Peoria Deputy City Manager Mike Faust told the City Council on Jan. 14 that the city will not pursue or market an air-park in the study area after completing a feasibility and site-selection effort.
The council heard a detailed presentation from Patrick Taylor of Kaufman Associates, who summarized a year-and-a-half technical review that identified two candidate sites north of the city and evaluated airspace, environmental sensitivity, costs and compatibility. Faust said the study shows an airport “is feasible” but that relocation of transmission lines, floodplain issues, and land-use constraints mean the city will not actively pursue or market an airport at this time.
The feasibility work combined aviation demand forecasts, FAA design criteria, environmental screening and a GIS-based site-ranking matrix. Taylor said both candidate sites could support instrument approach procedures and meet FAA design standards; he reported total site rankings of 88 for Site 1 and 77 for Site 2. The consultants estimated an initial build-out cost in broad terms — about $150 million for Site 1 and nearly $200 million for Site 2 for a 5,600-foot initial runway — and between $250 million and $300 million to complete a 7,600-foot ultimate configuration for a long-term runway.

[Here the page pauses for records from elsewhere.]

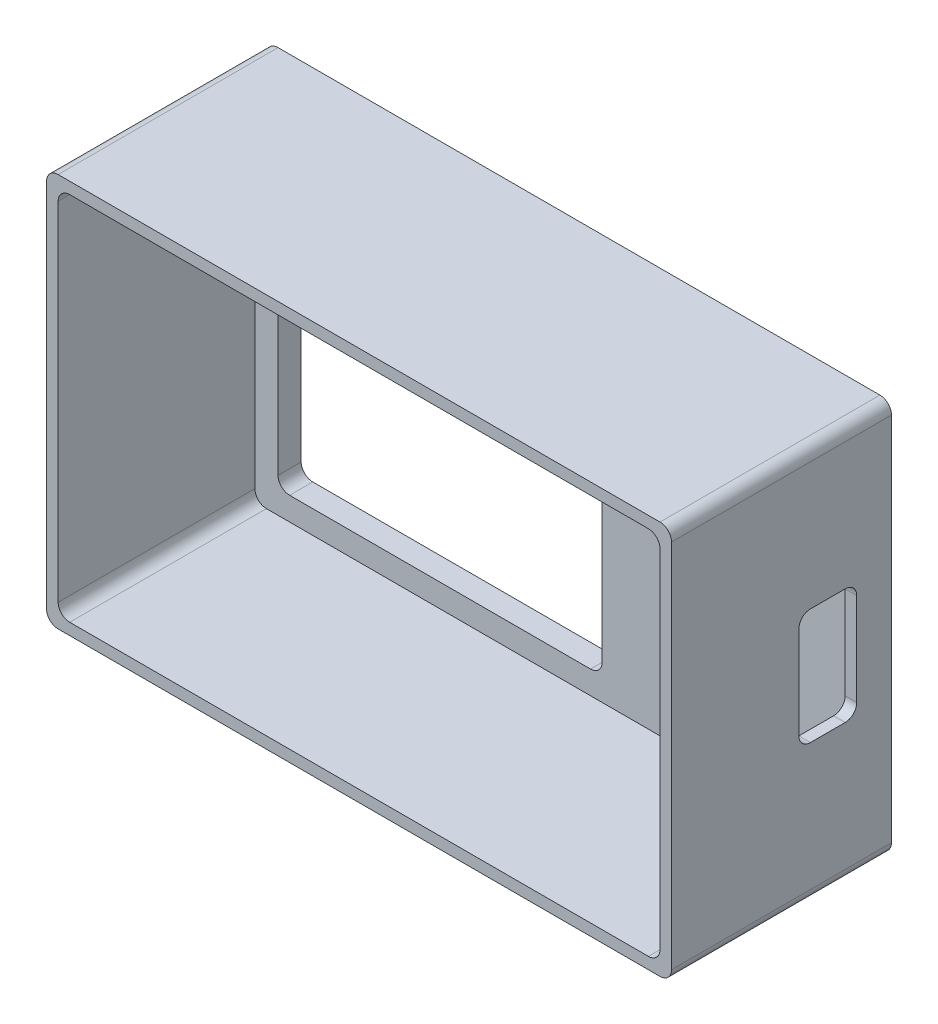
SolidWorks part; units mm, degrees
ref_plane "Front Plane" through (0, 0, 0) normal (0, 0, 1) x (1, 0, 0)
ref_plane "Top Plane" through (0, 0, 0) normal (0, 1, 0) x (1, 0, 0)
ref_plane "Right Plane" through (0, 0, 0) normal (1, 0, 0) x (0, 0, -1)
sketch "Sketch1" plane through (0, 0, 0) normal (0, 0, 1) x (1, 0, 0)
  line L1 (-26, 16) -> (26, 16) construction
  line L2 (-26, 16) -> (-26, -16) construction
  line L3 (-26, -16) -> (26, -16) construction
  line L4 (26, 16) -> (26, -16) construction
  line L5 (-26, 16) -> (26, -16) construction
  line L6 (-26, -16) -> (26, 16) construction
  line L7 (-27, 17) -> (27, 17)
  line L8 (-27, 17) -> (-27, -17)
  line L9 (-27, -17) -> (27, -17)
  line L10 (27, 17) -> (27, -17)
  line L11 (-27, 17) -> (27, -17) construction
  line L12 (-27, -17) -> (27, 17) construction
  line L13 (-24, 14) -> (4, 14)
  line L14 (-24, 14) -> (-24, -14)
  line L15 (-24, -14) -> (4, -14)
  line L16 (4, 14) -> (4, -14)
  line L17 (-24, 14) -> (4, -14) construction
  line L18 (-24, -14) -> (4, 14) construction
  point P0 (0, 0)
  point P6 (0, 0)
  point P11 (-10, 0)
  dimension "D1" = 52
  dimension "D2" = 32
  dimension "D3" = 54
  dimension "D4" = 34
  dimension "D5" = 2
  dimension "D6" = 2
  dimension "D7" = 2
  dimension "D8" = 28
extrude "Boss-Extrude1" add sketch "Sketch1" along normal blind 2
sketch "Sketch2" plane through (0, 0, 2) normal (0, 0, 1) x (1, 0, 0)
  line L1 (-27, 17) -> (27, 17)
  line L2 (-27, 17) -> (-27, -17)
  line L3 (-27, -17) -> (27, -17)
  line L4 (27, 17) -> (27, -17)
  line L5 (-27, 17) -> (27, -17) construction
  line L6 (-27, -17) -> (27, 17) construction
  line L7 (-26, 16) -> (26, 16)
  line L8 (-26, 16) -> (-26, -16)
  line L9 (-26, -16) -> (26, -16)
  line L10 (26, 16) -> (26, -16)
  line L11 (-26, 16) -> (26, -16) construction
  line L12 (-26, -16) -> (26, 16) construction
  point P0 (0, 0)
  point P7 (0, 0)
  dimension "D1" = 52
  dimension "D2" = 32
extrude "Boss-Extrude2" add sketch "Sketch2" along normal blind 17
fillet "Fillet1" radius 1 4 edges at (-26, -16, 10.5) (-26, 16, 10.5) (26, -16, 10.5) (26, 16, 10.5)
fillet "Fillet2" radius 1 4 edges at (-27, 17, 9.5) (-27, -17, 9.5) (27, -17, 9.5) (27, 17, 9.5)
sketch "Sketch3" plane through (27, 0, 0) normal (1, 0, 0) x (0, 0, -1)
  line L1 (-8, 5) -> (-3, 5)
  line L2 (-8, 5) -> (-8, -5)
  line L3 (-8, -5) -> (-3, -5)
  line L4 (-3, 5) -> (-3, -5)
  line L5 (-8, 5) -> (-3, -5) construction
  line L6 (-8, -5) -> (-3, 5) construction
  point P0 (-5.5, 0)
  dimension "D1" = 10
  dimension "D2" = 5
  dimension "D3" = 0
  dimension "D4" = 3
extrude "Cut-Extrude1" cut sketch "Sketch3" against normal blind 17
fillet "Fillet3" radius 1 4 edges at (26.5, 5, 3) (26.5, 5, 8) (26.5, -5, 8) (26.5, -5, 3)
fillet "Fillet4" radius 1 4 edges at (4, -14, 1) (4, 14, 1) (-24, -14, 1) (-24, 14, 1)

Faust emphasized two policy constraints that helped drive the decision not to pursue: the need to apply land-use overlays that would restrict adjacent development, and the State Land Department’s fiduciary objective to obtain highest-and-best value for state trust land. He said those constraints could force the city to acquire additional adjacent parcels and that the previously cited $7 million cost to relocate power lines is likely much too low. “On the surface the data clearly says an airport is feasible,” Faust said, “site 1 supports a conceptual airport,” and then told the council, “based on that the city is no longer going to pursue nor are we marketing an airport in this area.”
Staff said the study found initial aviation demand well above feasibility thresholds and that a new airport would fill a regional gap in the northwest Phoenix area and provide capacity relief for nearby fields. The presentation noted airspace complexity near Luke Air Force Base and the need for pilots to coordinate with Luke, Deer Valley or the Phoenix TRACON but described those as operational, not prohibitive, issues.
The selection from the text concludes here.